### WHAT THIS TASK INVOLVES:
Reproduce the entries below exactly, but only from the line containing "#104=ORIENTED_EDGE('',*,*,#103,.T.);" to the line containing "#142=CIRCLE('',#141,1.425);", inclusive.

Dataset excerpts:
* * *
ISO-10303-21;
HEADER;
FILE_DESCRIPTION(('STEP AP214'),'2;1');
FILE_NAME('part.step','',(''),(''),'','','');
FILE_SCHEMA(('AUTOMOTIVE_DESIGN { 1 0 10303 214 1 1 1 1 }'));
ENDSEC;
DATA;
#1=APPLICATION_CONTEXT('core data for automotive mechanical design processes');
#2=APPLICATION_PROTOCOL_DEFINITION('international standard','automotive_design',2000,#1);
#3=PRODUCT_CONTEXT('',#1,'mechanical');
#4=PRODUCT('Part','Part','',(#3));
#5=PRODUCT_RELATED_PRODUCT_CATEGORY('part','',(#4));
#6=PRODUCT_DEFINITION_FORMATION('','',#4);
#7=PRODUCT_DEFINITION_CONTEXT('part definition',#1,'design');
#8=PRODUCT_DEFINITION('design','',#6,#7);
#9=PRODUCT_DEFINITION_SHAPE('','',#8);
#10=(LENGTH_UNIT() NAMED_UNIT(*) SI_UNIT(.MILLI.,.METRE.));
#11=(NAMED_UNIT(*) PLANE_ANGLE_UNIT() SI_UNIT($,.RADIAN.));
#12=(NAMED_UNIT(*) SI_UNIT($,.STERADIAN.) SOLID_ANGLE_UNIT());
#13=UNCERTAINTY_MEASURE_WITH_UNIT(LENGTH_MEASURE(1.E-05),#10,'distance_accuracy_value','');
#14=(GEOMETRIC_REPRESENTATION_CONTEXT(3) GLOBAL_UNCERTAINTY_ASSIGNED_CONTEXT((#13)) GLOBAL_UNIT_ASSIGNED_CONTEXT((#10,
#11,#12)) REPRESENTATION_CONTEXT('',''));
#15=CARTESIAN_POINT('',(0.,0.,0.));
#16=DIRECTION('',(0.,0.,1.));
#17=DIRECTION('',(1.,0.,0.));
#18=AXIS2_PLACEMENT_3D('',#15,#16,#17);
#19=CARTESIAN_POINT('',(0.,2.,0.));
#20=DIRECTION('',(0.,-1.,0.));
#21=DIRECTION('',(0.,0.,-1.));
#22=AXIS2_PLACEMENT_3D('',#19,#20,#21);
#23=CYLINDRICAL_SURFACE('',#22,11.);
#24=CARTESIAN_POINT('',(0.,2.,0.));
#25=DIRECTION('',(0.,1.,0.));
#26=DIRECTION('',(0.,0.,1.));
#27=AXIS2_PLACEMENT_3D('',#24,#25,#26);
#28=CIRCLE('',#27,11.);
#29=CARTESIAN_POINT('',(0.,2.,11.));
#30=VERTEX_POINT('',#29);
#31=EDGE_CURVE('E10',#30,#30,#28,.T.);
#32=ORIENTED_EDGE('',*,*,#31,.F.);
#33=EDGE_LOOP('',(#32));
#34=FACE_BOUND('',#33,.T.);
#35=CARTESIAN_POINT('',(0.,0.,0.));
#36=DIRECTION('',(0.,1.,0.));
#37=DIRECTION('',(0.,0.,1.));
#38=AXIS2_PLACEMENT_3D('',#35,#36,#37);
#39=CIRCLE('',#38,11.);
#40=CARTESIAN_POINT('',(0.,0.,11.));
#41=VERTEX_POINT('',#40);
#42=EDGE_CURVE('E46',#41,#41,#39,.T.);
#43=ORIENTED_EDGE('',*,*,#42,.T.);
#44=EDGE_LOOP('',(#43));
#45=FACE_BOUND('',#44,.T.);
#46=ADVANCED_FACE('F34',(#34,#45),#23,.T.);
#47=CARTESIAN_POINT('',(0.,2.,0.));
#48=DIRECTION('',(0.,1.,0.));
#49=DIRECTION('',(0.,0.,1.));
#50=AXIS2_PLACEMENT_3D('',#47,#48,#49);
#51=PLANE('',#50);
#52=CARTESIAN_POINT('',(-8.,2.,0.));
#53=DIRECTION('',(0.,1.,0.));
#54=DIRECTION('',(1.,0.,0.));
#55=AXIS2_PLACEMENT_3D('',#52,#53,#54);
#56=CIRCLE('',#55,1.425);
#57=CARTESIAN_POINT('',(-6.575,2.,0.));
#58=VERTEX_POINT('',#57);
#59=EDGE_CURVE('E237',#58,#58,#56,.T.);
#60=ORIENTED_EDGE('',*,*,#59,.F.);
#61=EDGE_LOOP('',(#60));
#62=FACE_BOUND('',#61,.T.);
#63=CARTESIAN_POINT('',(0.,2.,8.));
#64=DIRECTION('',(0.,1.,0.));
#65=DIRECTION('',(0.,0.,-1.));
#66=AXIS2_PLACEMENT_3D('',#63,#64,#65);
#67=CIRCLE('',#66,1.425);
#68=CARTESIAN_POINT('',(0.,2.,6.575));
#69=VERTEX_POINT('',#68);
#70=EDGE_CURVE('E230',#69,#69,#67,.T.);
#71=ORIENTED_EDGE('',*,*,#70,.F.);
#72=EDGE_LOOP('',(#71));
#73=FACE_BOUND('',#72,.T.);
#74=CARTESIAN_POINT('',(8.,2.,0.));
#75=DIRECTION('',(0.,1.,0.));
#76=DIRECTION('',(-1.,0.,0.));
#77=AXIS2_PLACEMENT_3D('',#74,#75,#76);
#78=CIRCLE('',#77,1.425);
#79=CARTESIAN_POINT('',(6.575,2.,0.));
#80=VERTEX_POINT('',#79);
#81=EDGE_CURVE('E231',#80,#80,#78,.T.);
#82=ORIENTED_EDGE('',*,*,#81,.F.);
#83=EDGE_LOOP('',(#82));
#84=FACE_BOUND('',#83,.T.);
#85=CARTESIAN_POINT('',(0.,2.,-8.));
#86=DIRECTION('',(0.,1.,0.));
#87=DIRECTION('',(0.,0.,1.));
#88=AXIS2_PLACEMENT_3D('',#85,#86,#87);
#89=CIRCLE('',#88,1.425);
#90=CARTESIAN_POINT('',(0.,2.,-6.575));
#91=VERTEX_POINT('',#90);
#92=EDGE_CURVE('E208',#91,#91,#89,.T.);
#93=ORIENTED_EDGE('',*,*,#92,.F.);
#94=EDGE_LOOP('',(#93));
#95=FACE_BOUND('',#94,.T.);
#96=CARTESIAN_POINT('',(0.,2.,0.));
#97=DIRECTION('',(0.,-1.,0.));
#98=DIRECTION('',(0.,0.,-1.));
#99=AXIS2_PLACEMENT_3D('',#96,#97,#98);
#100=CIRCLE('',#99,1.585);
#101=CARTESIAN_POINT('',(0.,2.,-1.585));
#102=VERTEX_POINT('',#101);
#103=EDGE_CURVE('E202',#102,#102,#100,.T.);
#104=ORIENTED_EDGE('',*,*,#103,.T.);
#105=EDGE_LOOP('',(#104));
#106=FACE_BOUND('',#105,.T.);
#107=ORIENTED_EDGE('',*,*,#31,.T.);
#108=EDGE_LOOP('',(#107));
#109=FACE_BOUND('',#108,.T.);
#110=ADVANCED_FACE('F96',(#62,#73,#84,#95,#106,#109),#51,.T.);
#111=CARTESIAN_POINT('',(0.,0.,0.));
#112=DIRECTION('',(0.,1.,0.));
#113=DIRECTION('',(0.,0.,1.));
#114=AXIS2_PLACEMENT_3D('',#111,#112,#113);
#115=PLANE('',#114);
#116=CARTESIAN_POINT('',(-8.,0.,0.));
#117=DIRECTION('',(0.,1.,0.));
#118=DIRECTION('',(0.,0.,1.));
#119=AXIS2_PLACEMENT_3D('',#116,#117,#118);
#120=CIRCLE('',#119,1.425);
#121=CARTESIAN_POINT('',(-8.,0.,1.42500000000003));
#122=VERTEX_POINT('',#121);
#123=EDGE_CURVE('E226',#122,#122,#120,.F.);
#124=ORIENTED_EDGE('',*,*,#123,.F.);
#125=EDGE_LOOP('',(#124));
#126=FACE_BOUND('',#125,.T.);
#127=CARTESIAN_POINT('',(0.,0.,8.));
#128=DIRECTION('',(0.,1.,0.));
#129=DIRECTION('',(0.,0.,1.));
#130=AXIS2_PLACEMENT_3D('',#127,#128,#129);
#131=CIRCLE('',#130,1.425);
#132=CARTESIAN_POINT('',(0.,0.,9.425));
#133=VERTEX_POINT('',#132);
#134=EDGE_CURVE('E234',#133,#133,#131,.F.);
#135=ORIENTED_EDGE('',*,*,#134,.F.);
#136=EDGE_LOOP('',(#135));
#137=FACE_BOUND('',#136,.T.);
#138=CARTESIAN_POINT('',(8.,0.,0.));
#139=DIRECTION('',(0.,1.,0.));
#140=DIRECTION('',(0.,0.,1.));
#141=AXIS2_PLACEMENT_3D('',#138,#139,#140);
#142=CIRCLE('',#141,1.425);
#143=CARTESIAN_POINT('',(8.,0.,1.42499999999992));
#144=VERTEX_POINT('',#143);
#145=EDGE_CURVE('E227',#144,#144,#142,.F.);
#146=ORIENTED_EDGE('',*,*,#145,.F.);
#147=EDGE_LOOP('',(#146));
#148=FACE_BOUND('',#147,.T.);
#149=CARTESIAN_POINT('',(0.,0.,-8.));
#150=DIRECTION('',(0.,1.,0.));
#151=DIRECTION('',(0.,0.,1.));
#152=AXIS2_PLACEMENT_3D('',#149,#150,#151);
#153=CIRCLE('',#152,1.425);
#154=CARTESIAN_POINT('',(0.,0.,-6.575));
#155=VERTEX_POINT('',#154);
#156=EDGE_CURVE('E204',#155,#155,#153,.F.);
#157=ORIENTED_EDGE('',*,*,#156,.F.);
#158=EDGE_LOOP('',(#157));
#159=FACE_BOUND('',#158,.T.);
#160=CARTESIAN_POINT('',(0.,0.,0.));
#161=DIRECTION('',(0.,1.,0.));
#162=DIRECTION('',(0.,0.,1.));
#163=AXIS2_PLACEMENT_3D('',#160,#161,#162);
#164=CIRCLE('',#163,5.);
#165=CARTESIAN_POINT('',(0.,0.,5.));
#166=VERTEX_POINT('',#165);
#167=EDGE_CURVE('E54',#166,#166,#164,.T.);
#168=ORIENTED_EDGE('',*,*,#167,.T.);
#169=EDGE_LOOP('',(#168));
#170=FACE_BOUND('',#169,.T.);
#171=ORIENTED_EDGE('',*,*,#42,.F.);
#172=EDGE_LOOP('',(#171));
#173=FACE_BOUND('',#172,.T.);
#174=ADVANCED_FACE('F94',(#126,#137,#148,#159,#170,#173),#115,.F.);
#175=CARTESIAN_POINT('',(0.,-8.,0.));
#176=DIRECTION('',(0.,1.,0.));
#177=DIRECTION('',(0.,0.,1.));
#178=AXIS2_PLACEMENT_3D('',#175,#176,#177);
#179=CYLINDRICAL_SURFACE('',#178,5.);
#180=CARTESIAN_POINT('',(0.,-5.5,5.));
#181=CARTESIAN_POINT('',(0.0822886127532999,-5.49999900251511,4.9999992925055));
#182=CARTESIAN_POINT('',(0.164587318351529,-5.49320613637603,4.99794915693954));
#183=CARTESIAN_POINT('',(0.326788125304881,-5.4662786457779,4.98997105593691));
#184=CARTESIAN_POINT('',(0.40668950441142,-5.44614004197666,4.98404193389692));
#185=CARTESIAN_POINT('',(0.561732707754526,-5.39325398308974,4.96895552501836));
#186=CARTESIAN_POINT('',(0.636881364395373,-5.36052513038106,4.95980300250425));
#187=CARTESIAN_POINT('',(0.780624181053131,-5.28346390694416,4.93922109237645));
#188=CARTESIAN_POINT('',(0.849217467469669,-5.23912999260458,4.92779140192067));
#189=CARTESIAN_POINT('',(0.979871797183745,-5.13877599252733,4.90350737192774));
* * *
### THE COMPLETED TASK:
#104=ORIENTED_EDGE('',*,*,#103,.T.);
#105=EDGE_LOOP('',(#104));
#106=FACE_BOUND('',#105,.T.);
#107=ORIENTED_EDGE('',*,*,#31,.T.);
#108=EDGE_LOOP('',(#107));
#109=FACE_BOUND('',#108,.T.);
#110=ADVANCED_FACE('F96',(#62,#73,#84,#95,#106,#109),#51,.T.);
#111=CARTESIAN_POINT('',(0.,0.,0.));
#112=DIRECTION('',(0.,1.,0.));
#113=DIRECTION('',(0.,0.,1.));
#114=AXIS2_PLACEMENT_3D('',#111,#112,#113);
#115=PLANE('',#114);
#116=CARTESIAN_POINT('',(-8.,0.,0.));
#117=DIRECTION('',(0.,1.,0.));
#118=DIRECTION('',(0.,0.,1.));
#119=AXIS2_PLACEMENT_3D('',#116,#117,#118);
#120=CIRCLE('',#119,1.425);
#121=CARTESIAN_POINT('',(-8.,0.,1.42500000000003));
#122=VERTEX_POINT('',#121);
#123=EDGE_CURVE('E226',#122,#122,#120,.F.);
#124=ORIENTED_EDGE('',*,*,#123,.F.);
#125=EDGE_LOOP('',(#124));
#126=FACE_BOUND('',#125,.T.);
#127=CARTESIAN_POINT('',(0.,0.,8.));
#128=DIRECTION('',(0.,1.,0.));
#129=DIRECTION('',(0.,0.,1.));
#130=AXIS2_PLACEMENT_3D('',#127,#128,#129);
#131=CIRCLE('',#130,1.425);
#132=CARTESIAN_POINT('',(0.,0.,9.425));
#133=VERTEX_POINT('',#132);
#134=EDGE_CURVE('E234',#133,#133,#131,.F.);
#135=ORIENTED_EDGE('',*,*,#134,.F.);
#136=EDGE_LOOP('',(#135));
#137=FACE_BOUND('',#136,.T.);
#138=CARTESIAN_POINT('',(8.,0.,0.));
#139=DIRECTION('',(0.,1.,0.));
#140=DIRECTION('',(0.,0.,1.));
#141=AXIS2_PLACEMENT_3D('',#138,#139,#140);
#142=CIRCLE('',#141,1.425);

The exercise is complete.